Já o termo “ócio”, que significa
descanso, folga do trabalho, é o verbete que mais nos interessa para o momento.
Explico:
A concepção de “Rascunhos do ócio”
surgiu a partir da obra “O Mito de Sísifo” do escritor franco-argelino Albert
Camus, que trata, entre outros temas, principalmente do absurdo da vida do
homem.
O mito grego originalmente nos traz
Sísifo como uma figura que, por afrontar os deuses, fora condenada por toda a
eternidade a rolar um rochedo montanha acima; mas todas as vezes que parecia
seu trabalho ter findado, Sísifo via o pesado fardo despencar montanha abaixo e
se punha obrigado a descer e empurrar o rochedo da base até o topo novamente.
Camus, no entanto, vai muito além do
mito – o autor trabalha temas que em momento oportuno terão atenção especial
aqui –, mas o que importa agora é o momento da descida de Sísifo, ou, nas palavras
de Camus: “É durante esse retorno, essa pausa, que Sísifo me interessa.”
Ocasião esta que, segundo Camus, é de
suma importância para a tomada de consciência de sua condição, “Essa hora que é
como uma respiração [...] essa hora é aquela da consciência”.
Discorre ainda o autor: “Se esse mito
é trágico, é que seu herói é consciente. [...] O operário de hoje trabalha
todos os dias de sua vida nas mesmas tarefas e esse destino não é menos
absurdo. Mas ele só é trágico nos raros momentos em que se torna consciente.
Sísifo [...] conhece toda a extensão de sua condição miserável: é nela que
pensa enquanto desce”. Camus ainda diz: “No entanto, só existe um mundo. A
felicidade e o absurdo são dois filhos da mesma terra. São inseparáveis”. Dessa
forma, “é preciso imaginar Sísifo feliz”, pois ele é um ser consciente e “seu
destino lhe pertence. Seu rochedo é sua questão”.

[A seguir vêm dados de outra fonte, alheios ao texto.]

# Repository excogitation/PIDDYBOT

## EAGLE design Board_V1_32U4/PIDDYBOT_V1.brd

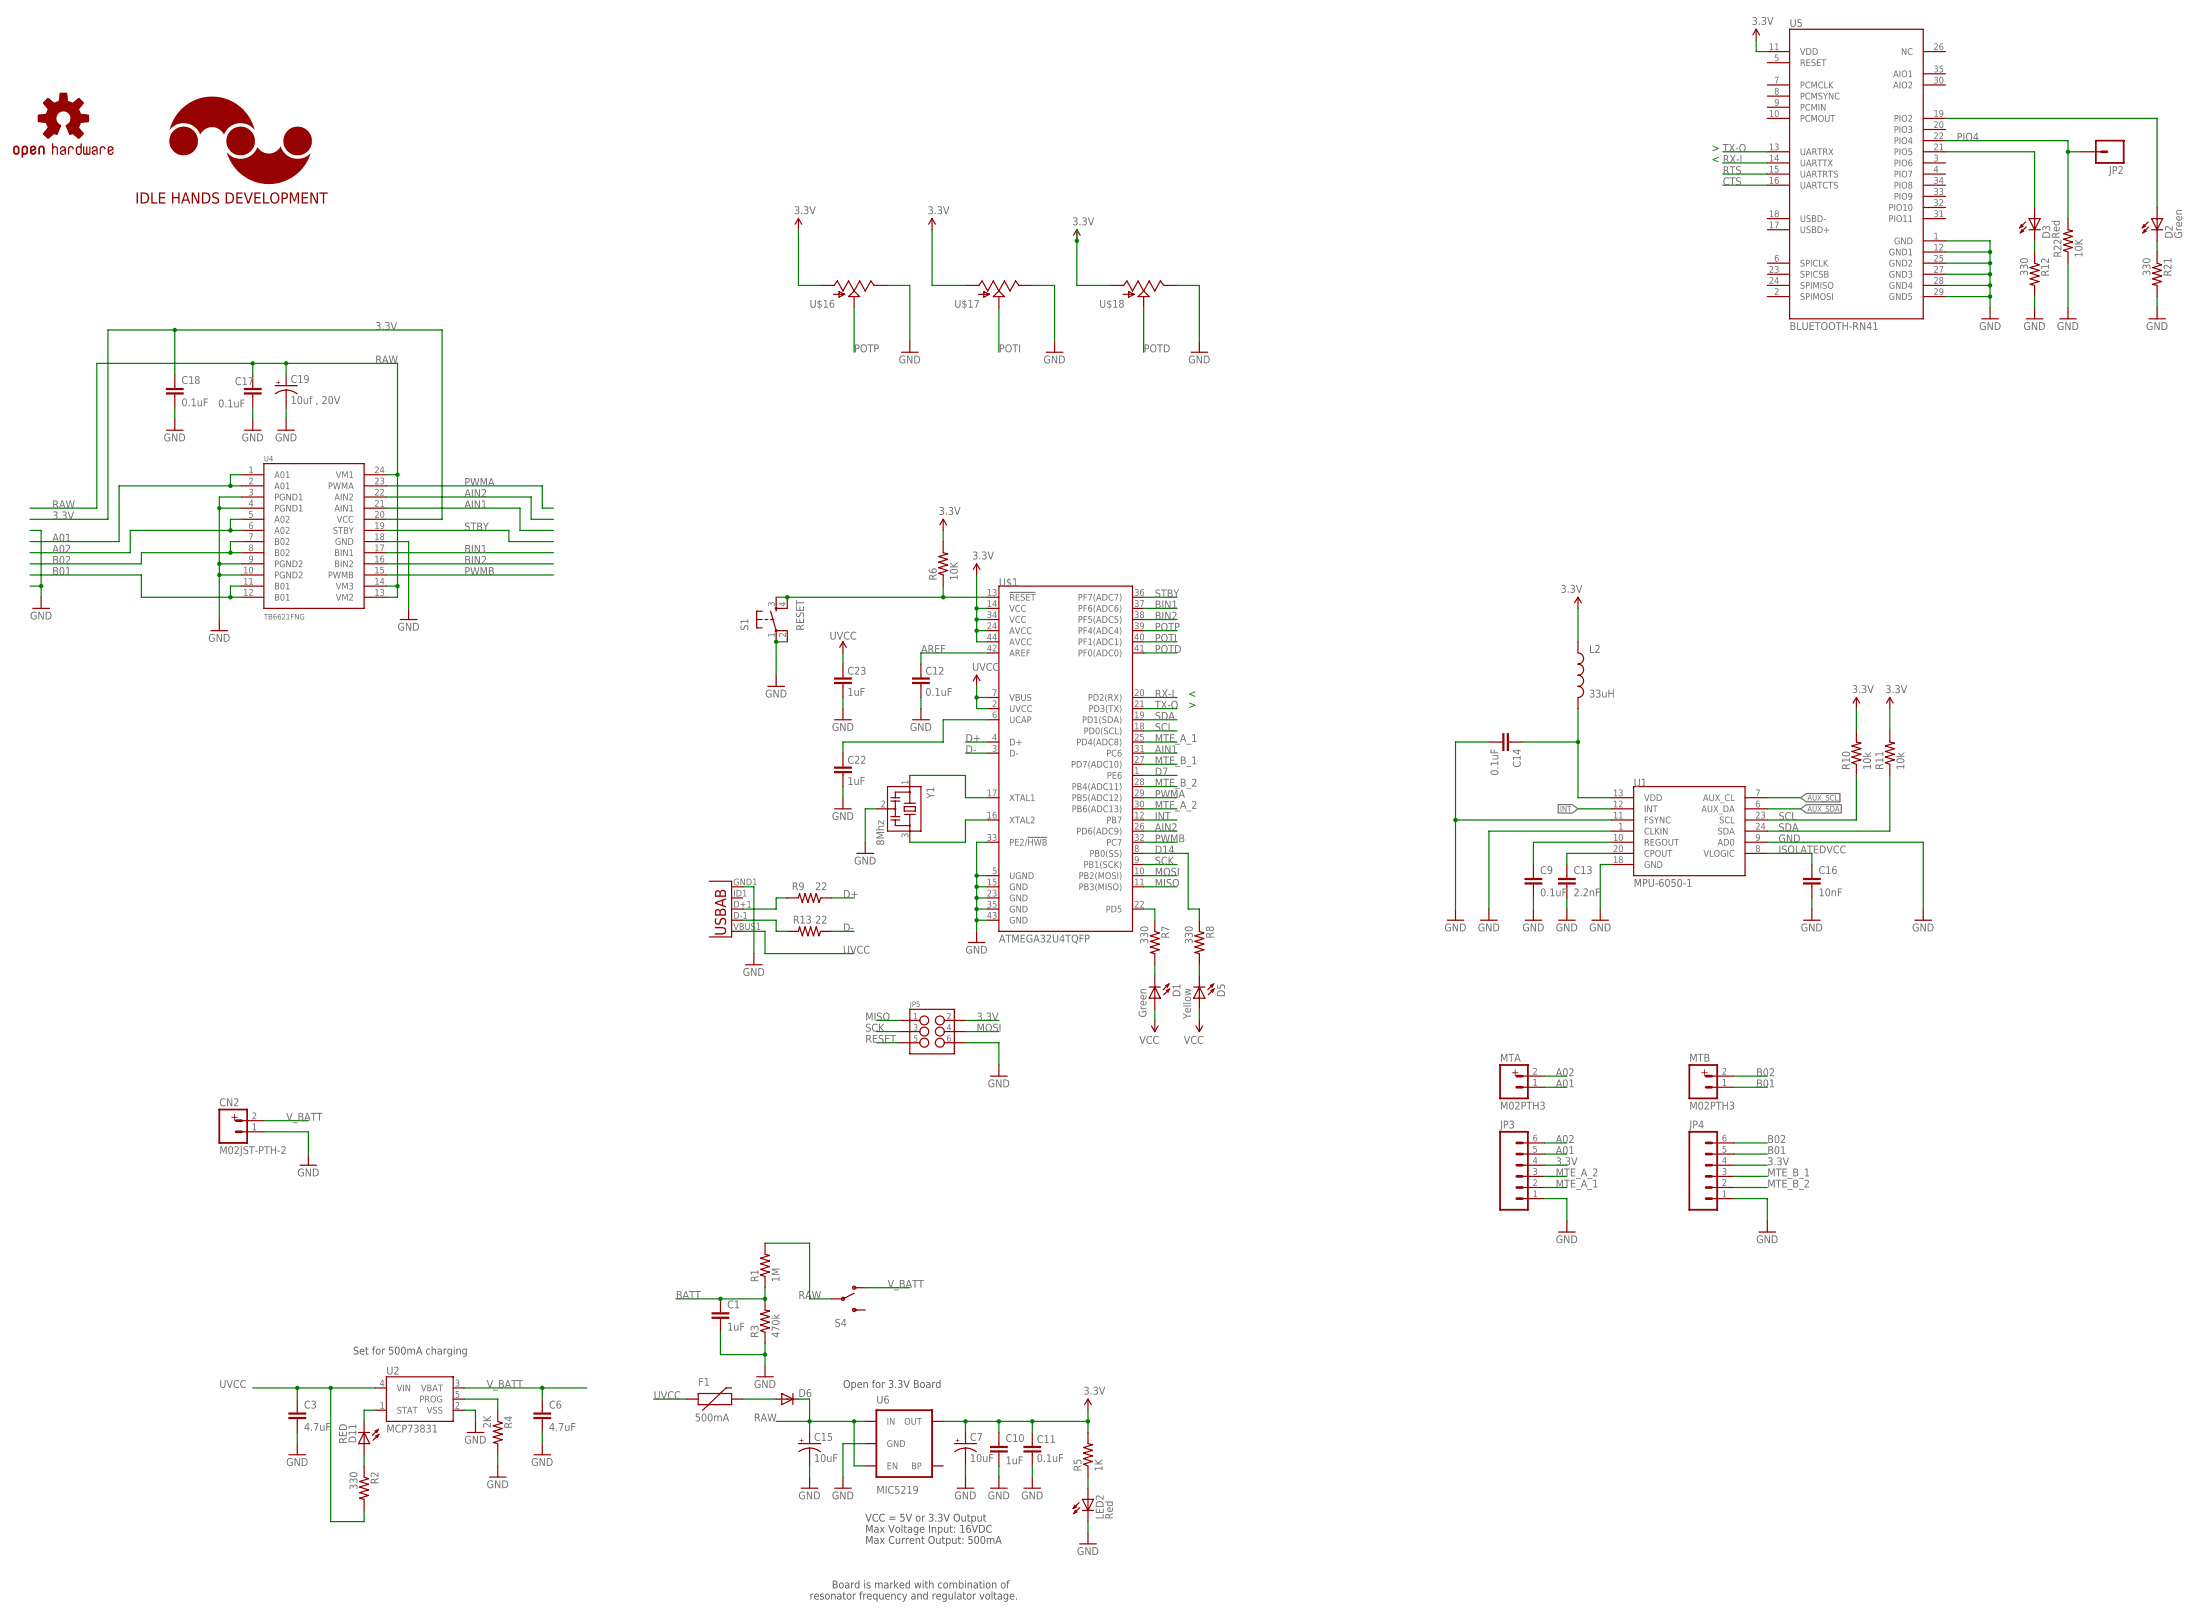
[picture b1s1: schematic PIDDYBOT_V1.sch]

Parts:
C1, C10, C22, C23: 1uF; 0603-CAP
C3, C6: 4.7uF; 0603-CAP
C7, C15: 10uF; EIA3216
C9, C11, C12, C14, C17, C18: 0.1uF; 0603-CAP
C13: 2.2nF; 0603-CAP
C16: 10nF; 0603-CAP
C19: 10uf , 20V; EIA3528
CN2: M02JST-PTH-2; JST-2-PTH
D1, D2: Green; LED-0603
D3: Red; LED-0603
D5: Yellow; LED-0603
D6: DIODESOD; SOD-323
D11: RED; LED-0603
F1: 500mA; PTC-1206
JP2: M01SMDNS; 1X01NS
JP3, JP4: M06SMD-1MM; 1X06-1MM
JP5: M03X2NO_SILK; 2X3-NS
L2: 33uH; C0402
LED2: Red; LED-0603
LOGO1: IDLEHANDS_LOGOL; IHD-LOGO-L
LOGO2: OSHW-LOGOM; OSHW-LOGO-M
MTA: M02PTH3; 1X02_LONGPADS
MTB: M02PTH3; 1X02_LONGPADS
R1: 1M; 0603-RES
R2, R7, R8, R12, R21: 330; 0603-RES
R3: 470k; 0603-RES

O “ócio” aqui, portanto, deverá ser
entendido como o tempo em que Sísifo se encontra descendo a montanha, enquanto “descansa”
de seu árduo e perpétuo trabalho; momento este que deverá ser percebido como
uma pausa para reflexão, oportunidade de compreender nossa própria condição
humana, de Sísifos que somos.
Os rascunhos do ócio, então, podem ser
entendidos como anotações feitas durante essa descida.